Source country gender roles influence immigrants' behavior in the United States, even among second-generation women.

Immigrants are an increasing presence in the United States. The share of the foreign-born in the population grew from 4.8 percent in 1970 to 12.9 percent in 2012, and the share of U.S. children who were immigrants themselves or who had at least one immigrant parent increased from 13 percent in 1990 to 23 percent in 2008.

Along with the rise in immigrant population has come a shift in the predominant origins of immigrants. The principal source of immigrants has shifted from countries in Europe, with cultures that are broadly similar to that of the United States, to regions with very different cultures and traditions. How much does an immigrant's source country affect their adjustment to American life? What role does assimilation play in that adjustment? Do differences between immigrants and natives in labor supply, education, and fertility carry over to the second generation, or do second generation women fully assimilate to native patterns?

In Immigrants and Gender Roles: Assimilation vs. Culture (NBER Working Paper 21756), Francine D. Blau reports on a research program with Lawrence M. Kahn that examines the roles of assimilation and source country culture as influences on immigrant women's behavior. The research focuses in particular on labor supply because immigrants increasingly come from countries that have a more gender-based division of labor than is currently the case in the United States. Typically, the source countries have lower female labor force participation rates and higher fertility rates than the United States. There has been a growing gap between the labor supply of native and immigrant women in the U.S. since 1980.

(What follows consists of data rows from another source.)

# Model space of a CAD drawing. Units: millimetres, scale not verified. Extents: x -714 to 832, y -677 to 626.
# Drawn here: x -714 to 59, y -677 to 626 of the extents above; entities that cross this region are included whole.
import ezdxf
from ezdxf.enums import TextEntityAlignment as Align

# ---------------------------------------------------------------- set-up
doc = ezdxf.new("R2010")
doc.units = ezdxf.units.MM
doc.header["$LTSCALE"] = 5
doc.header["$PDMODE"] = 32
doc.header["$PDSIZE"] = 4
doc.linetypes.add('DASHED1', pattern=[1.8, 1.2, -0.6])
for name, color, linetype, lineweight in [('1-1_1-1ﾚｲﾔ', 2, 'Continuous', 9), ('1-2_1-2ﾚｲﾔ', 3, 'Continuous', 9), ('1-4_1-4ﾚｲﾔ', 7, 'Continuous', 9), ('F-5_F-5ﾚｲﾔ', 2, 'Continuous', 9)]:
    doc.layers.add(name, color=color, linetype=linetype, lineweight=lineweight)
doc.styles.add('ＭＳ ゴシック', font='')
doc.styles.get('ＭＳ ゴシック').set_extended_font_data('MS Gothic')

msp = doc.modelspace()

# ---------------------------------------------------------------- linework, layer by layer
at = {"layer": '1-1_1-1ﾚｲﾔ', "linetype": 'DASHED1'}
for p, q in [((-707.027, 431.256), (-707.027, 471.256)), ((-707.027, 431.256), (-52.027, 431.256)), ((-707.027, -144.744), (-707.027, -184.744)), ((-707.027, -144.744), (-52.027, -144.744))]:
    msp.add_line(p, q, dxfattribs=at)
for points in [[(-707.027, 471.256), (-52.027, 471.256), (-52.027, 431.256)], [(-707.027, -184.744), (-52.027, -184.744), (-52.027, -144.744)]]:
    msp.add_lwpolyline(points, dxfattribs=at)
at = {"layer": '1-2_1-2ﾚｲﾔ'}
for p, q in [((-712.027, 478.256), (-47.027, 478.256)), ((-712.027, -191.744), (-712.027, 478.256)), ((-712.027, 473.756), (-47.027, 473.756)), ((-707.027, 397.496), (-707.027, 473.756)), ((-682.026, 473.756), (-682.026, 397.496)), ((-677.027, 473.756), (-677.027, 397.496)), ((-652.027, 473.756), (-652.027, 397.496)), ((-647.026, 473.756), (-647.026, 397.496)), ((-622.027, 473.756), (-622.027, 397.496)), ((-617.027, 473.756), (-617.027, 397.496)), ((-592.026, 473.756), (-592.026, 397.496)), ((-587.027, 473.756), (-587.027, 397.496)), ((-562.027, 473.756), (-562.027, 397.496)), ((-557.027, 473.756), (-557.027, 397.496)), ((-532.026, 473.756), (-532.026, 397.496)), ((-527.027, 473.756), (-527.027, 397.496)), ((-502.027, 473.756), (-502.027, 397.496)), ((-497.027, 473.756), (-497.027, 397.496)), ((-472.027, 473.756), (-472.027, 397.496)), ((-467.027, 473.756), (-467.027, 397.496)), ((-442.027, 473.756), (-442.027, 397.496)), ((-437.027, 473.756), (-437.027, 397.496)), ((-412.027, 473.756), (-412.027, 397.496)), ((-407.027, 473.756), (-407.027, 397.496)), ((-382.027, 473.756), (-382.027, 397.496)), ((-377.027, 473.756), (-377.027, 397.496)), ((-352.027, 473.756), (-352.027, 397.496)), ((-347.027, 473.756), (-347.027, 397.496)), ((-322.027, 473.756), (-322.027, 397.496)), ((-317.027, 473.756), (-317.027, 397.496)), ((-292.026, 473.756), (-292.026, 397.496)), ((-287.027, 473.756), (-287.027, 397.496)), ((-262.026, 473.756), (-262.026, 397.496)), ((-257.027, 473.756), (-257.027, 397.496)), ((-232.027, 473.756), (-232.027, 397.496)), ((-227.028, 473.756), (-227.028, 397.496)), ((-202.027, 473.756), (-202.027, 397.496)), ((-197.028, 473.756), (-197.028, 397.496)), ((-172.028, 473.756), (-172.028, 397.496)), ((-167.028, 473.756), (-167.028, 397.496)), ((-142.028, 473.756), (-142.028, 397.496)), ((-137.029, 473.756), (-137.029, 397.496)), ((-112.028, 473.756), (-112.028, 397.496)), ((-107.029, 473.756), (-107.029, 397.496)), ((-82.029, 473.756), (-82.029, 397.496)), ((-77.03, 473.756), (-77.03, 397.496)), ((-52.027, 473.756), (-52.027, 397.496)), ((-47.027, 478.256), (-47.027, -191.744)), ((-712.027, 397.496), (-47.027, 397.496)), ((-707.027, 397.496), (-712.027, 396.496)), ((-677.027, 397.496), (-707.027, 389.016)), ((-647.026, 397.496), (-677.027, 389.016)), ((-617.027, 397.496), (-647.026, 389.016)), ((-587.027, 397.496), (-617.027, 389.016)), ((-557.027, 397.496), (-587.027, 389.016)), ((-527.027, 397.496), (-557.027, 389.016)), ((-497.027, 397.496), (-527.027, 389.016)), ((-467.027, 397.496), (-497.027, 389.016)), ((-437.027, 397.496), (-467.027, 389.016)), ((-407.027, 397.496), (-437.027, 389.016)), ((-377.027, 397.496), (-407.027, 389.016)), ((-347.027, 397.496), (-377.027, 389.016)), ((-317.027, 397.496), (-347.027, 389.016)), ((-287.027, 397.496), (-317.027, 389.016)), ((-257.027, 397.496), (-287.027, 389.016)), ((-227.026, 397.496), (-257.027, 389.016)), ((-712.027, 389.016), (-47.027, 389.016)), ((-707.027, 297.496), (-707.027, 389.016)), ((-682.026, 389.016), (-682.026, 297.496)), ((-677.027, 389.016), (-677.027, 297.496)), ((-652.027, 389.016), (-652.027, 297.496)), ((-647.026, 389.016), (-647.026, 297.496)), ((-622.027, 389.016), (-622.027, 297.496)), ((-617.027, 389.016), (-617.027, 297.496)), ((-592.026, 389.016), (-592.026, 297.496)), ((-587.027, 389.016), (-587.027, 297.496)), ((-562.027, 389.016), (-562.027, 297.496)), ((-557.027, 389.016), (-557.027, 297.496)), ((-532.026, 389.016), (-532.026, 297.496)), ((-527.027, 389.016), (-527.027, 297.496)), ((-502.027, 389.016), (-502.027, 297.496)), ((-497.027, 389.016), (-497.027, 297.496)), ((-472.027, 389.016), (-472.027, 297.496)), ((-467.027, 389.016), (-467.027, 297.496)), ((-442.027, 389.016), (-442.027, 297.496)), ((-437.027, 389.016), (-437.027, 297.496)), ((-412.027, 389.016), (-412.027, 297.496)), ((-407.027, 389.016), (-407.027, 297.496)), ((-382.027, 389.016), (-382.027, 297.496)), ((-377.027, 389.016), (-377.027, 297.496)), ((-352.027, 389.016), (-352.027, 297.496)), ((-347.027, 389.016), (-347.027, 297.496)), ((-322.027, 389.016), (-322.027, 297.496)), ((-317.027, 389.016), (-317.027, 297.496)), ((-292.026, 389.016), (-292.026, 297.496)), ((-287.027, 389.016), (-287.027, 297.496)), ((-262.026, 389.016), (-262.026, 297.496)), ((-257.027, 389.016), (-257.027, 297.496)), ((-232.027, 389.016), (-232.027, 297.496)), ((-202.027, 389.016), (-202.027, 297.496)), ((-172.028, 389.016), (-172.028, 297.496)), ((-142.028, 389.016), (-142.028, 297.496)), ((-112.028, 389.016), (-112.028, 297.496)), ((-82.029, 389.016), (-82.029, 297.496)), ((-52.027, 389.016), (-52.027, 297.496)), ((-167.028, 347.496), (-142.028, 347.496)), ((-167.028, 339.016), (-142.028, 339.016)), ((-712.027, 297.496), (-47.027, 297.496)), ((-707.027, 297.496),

The researchers find considerable evidence that source country gender roles influence immigrants' behavior. This influence appears to extend to second-generation women. At the same time, they also find evidence of assimilation. Immigrant women narrow the labor supply gap with native-born women as they spend more time in the United States. There is also considerable convergence of immigrants to native levels of schooling, fertility, and labor supply across generations. For second-generation women, fertility and labor supply in their mother's source country have a larger association with their behavior than the corresponding practices in their father's source country.

Blau points out that in the future, immigrant source countries may become more similar to the United States, thus reducing the effect of source country gender roles on the behavior of first- and second-generation immigrant women. This has already begun to happen with respect to fertility. The fertility of immigrant women relative to natives has been falling rapidly in the most recent immigrant cohorts.